Cnidimol A has a 4H-chromen-4-one scaffold, which is similar to recently reported isoflavone FPR1 antagonists [79]. Thus, the high similarity of cnidimol A to the FPR1 pharmacophore model suggests 4H-chromen-4-one may represent an important scaffold for developing FPR1 antagonists. Although we predict garcimultiflorone B could be an FPR1 antagonist, it is also possible that this natural product could inhibit fMLF-induced functional activity via downstream pathways, as some natural compounds related to garcimultiflorone B, such as garcinol and hyperforin, inhibited 5-lipoxygenase, a key enzyme in leukotriene biosynthesis [211], [212]. Our docking study showed that PP-6 formed three H-bonds with FPR1. This lignan is structurally related to the mammalian lignans enterolactone and prestegane B. Various mammalian-type lignan derivatives are now commercially available, and study of their FPR1-regulatory activity would be desirable. Importantly, key chemical moieties of these natural compounds could provide leads for the development of effective natural compound-inspired small molecule FPR1 antagonists.

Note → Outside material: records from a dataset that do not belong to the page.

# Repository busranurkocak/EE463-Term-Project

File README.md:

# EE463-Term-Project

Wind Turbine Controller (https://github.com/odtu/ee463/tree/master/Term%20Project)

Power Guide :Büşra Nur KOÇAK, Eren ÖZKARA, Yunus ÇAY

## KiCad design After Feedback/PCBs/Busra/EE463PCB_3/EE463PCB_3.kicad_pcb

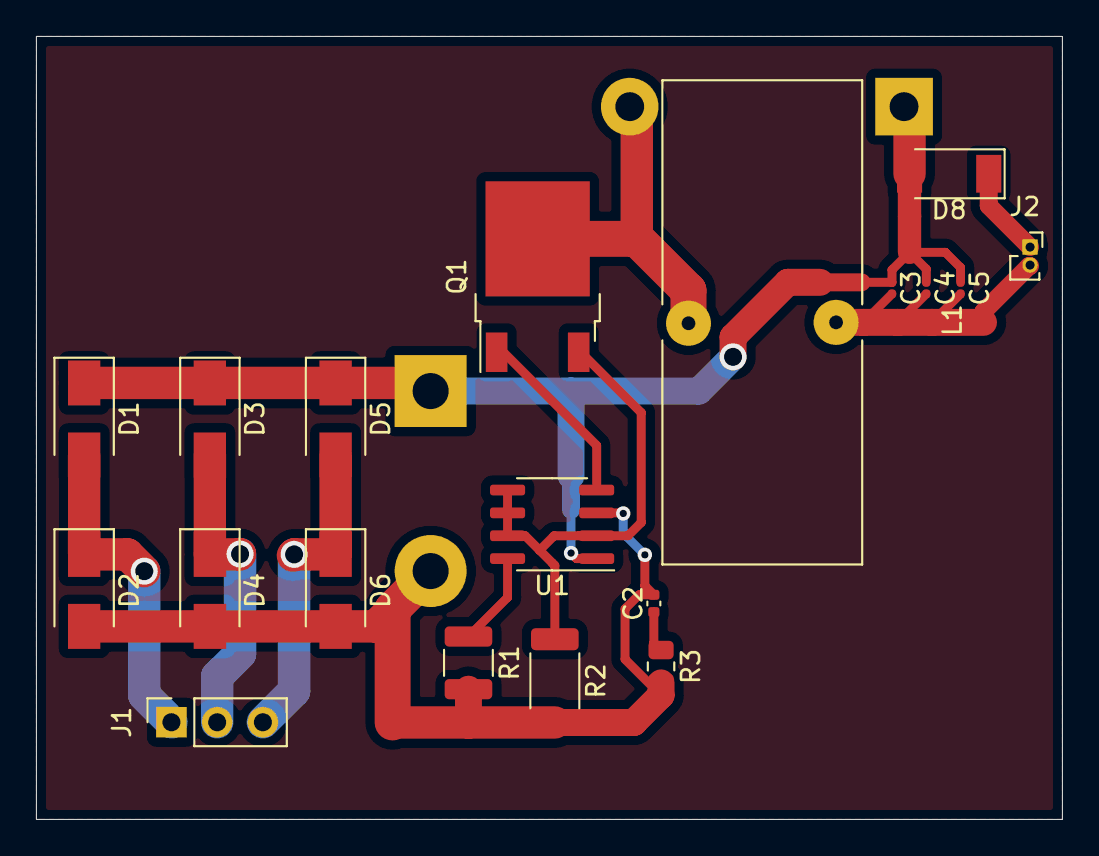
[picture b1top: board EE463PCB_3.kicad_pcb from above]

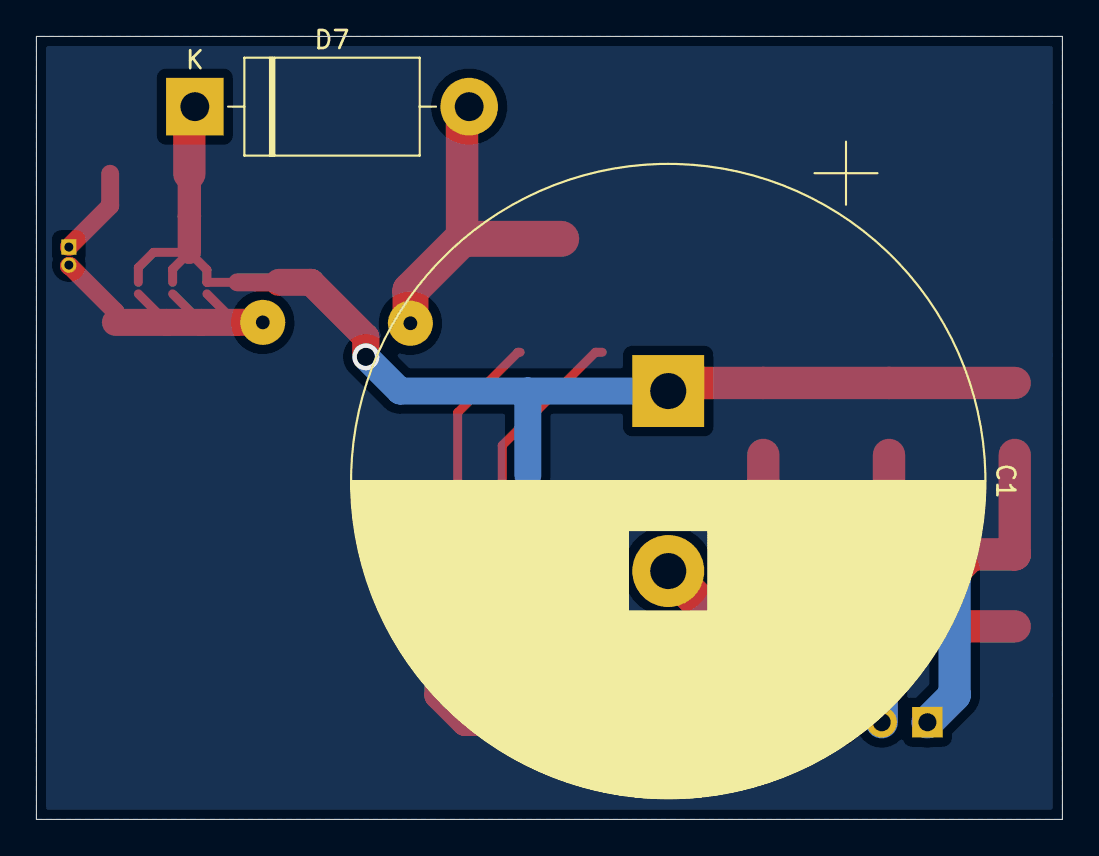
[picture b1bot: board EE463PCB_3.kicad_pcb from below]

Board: 2 copper layers, 57.0 x 43.5 mm, 21 parts (2 on the bottom side), 12 nets.

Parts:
C1: CP1; CP_Radial_D35.0mm_P10.00mm_SnapIn
C2: CP1; C_0402_1005Metric
C3, C4, C5: CP1; C_0201_0603Metric
D1, D2, D3, D4, D5, D6: US1G; D_SMA
D7: UF5404-E3/54; D_DO-201AD_P15.24mm_Horizontal
D8: PMEG6030EP,115; D_SOD-128
J1: Conn_01x03; PinSocket_1x03_P2.54mm_Vertical
J2: Conn_01x02; PinSocket_1x02_P1.00mm_Vertical
L1: L; T106-3_Inductor
Q1: IPD50R650CE; TO-252-2
R1: R; R_1210_3225Metric
R2: R; R_2010_5025Metric
R3: R; R_0805_2012Metric
U1: HV9961LG-G; SOIC-8_3.9x4.9mm_P1.27mm

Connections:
GND: C1.2, C2.2, D2.2, D4.2, D6.2, R1.2, R2.2, R3.2, U1.3
unnamed: C1.1, C3.1, C4.1, C5.1, D1.1, D3.1, D5.1, D7.1, D8.2, U1.1
unnamed: C2.1, R3.1
unnamed: C3.2, C4.2, C5.2, J2.2, L1.2
unnamed: D1.2, D2.1, J1.1
unnamed: D3.2, D4.1, J1.2
unnamed: D5.2, D6.1, J1.3
unnamed: D7.2, L1.1, Q1.2
unnamed: D8.1, J2.1
unnamed: Q1.1, U1.4
unnamed: Q1.3, R2.1, U1.2, U1.5, U1.6, U1.7
unnamed: R1.1, U1.8

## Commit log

2020-11-25 Hope to use Work Sheet
    work sheet file can be used to arrange whole important topics under a single roof.
2020-11-29 E-mail about Battery Charging
2020-12-05 The first draft of battery and PID test
2020-12-09 Generator model and Diode Rectifier Works
    The analytical calculations for diode rectifier and generator have been done.
2020-12-09 Inductor and Capacitor Calculations
2020-12-09 PCB Trials are added
2020-12-10 Example buck converter simulink file
2020-12-13 Diode Rectifier and PMSM Model
    The constructed circuit model for PMSM generator and diode rectifier can be found.
2020-12-13 A Buck converter capacitor and inductor calculator template have been added.
2020-12-13 Vin(max) modified as 250V.
2020-12-13 The First Trial of Battery+Buck Converter
    Values of capacitor and inductor should be adjusted
2020-12-13 Subblocks are combined
2020-12-14 Component Selection
    Google table for component selection has been constucted and link has been added
2020-12-19 Rectifier PCB is added
2020-12-24 Indcutor and Loss calculation code
    According to chosen componenets, the research for change in freq. have been started to decrease inductor in physical size.
2020-12-24 PI Controlled Buck Converter
2020-12-24 The First Version of the Report is uploaded
2020-12-24 PI Controlled Buck - 50Khz - Cap. Reselected
    Buck conv. with 50 khz have been controlled with PI controller. The Capactior value in LC filter have been reselected. The ESR value calculation has taken into consideration
2020-12-24 Reportv2 is uploaded and Final Simulationv2 is upgraded.
2020-12-25 Buck converter calculations and component selection have been added.
2020-12-25 Controller - Report written
    The part which is explanation of controller has been written.
2020-12-25 SLX file is redesigned.
    The messy componenets are combined in subblocks for complete circuit. Kp and Ki values are defined experimentally.
    Kp shouldn't exceed 6-7 and Ki can be defined according steady state error
2020-12-25 Add files via upload
    The first draft of the presentation is uploaded
2020-12-25 Rectifier part added to report
2020-12-25 Sw and Cond loss added to buck - Report
2020-12-25 Induction selection process have been added.
2020-12-25 Report is ready to check
2020-12-25 Formula values have been adjusted in table format.
2020-12-25 Simulation Report Completed!
2020-12-26 The Final Simulation Presentation is uploaded
2021-01-04 New rectifier components are added
2021-01-08 Components are updated
2021-01-08 Schematic of the PCB is uploaded
2021-01-09 New Components are added
2021-01-09 New components file is updated and PCB schematic is also updated
2021-01-11 Term Project PCB design version 1
2021-01-11 Updated PCB
2021-01-13 Copper Pour has been added on Routing Layers.
2021-01-14 PCB design updated.
2021-01-14 PCB updated
2021-01-15 Inductor Design information added.
2021-01-15 Explanation added for capacitor selectiıon process
2021-01-15 New component selection and BOM is added
2021-01-15 Extra information about topology is added
2021-01-15 no message
2021-01-15 PCB filed added.
2021-01-15 PCB Design explanation added.
2021-01-15 PCB report updated.
2021-01-15 Final Report _ Controller,Loss and Thermal
    The parts for controller, loss calcualation and thermal calculations are added
2021-01-15 Components graphs are added
2021-01-15 Final Report is uploaded
2021-01-15 Final Report is added
2021-01-21 Some files for presentation is uploaded
2021-01-23 Final Simulation model of hysteresis
2021-01-23 Final Presentation is uploaded

Since our molecular modeling only evaluated orthosteric interaction of a ligand with FPR1, possible allosteric mechanisms for various compounds cannot be excluded. It is now recognized that GPCRs possess spatially distinct allosteric sites, and G protein-GPCR interactions, including β-arrestin-GPCR interactions, can involve allosteric interactions [213]. Thus, compounds that are able to interfere with these FPR1 interactions or directly insert into the FPR1 transmembrane-extracellular interface could modify FPR1-dependent signal transduction pathways. Finally, FPR1 molecules can interact laterally in the plasma membrane [214] and, for example, bile acids, plant steroids, and saponins may alter lateral allosteric regulation, modifying the membrane environment responsible for the receptor dimerization, FPR1 coupling with its G proteins, and other scaffolding/accessory proteins.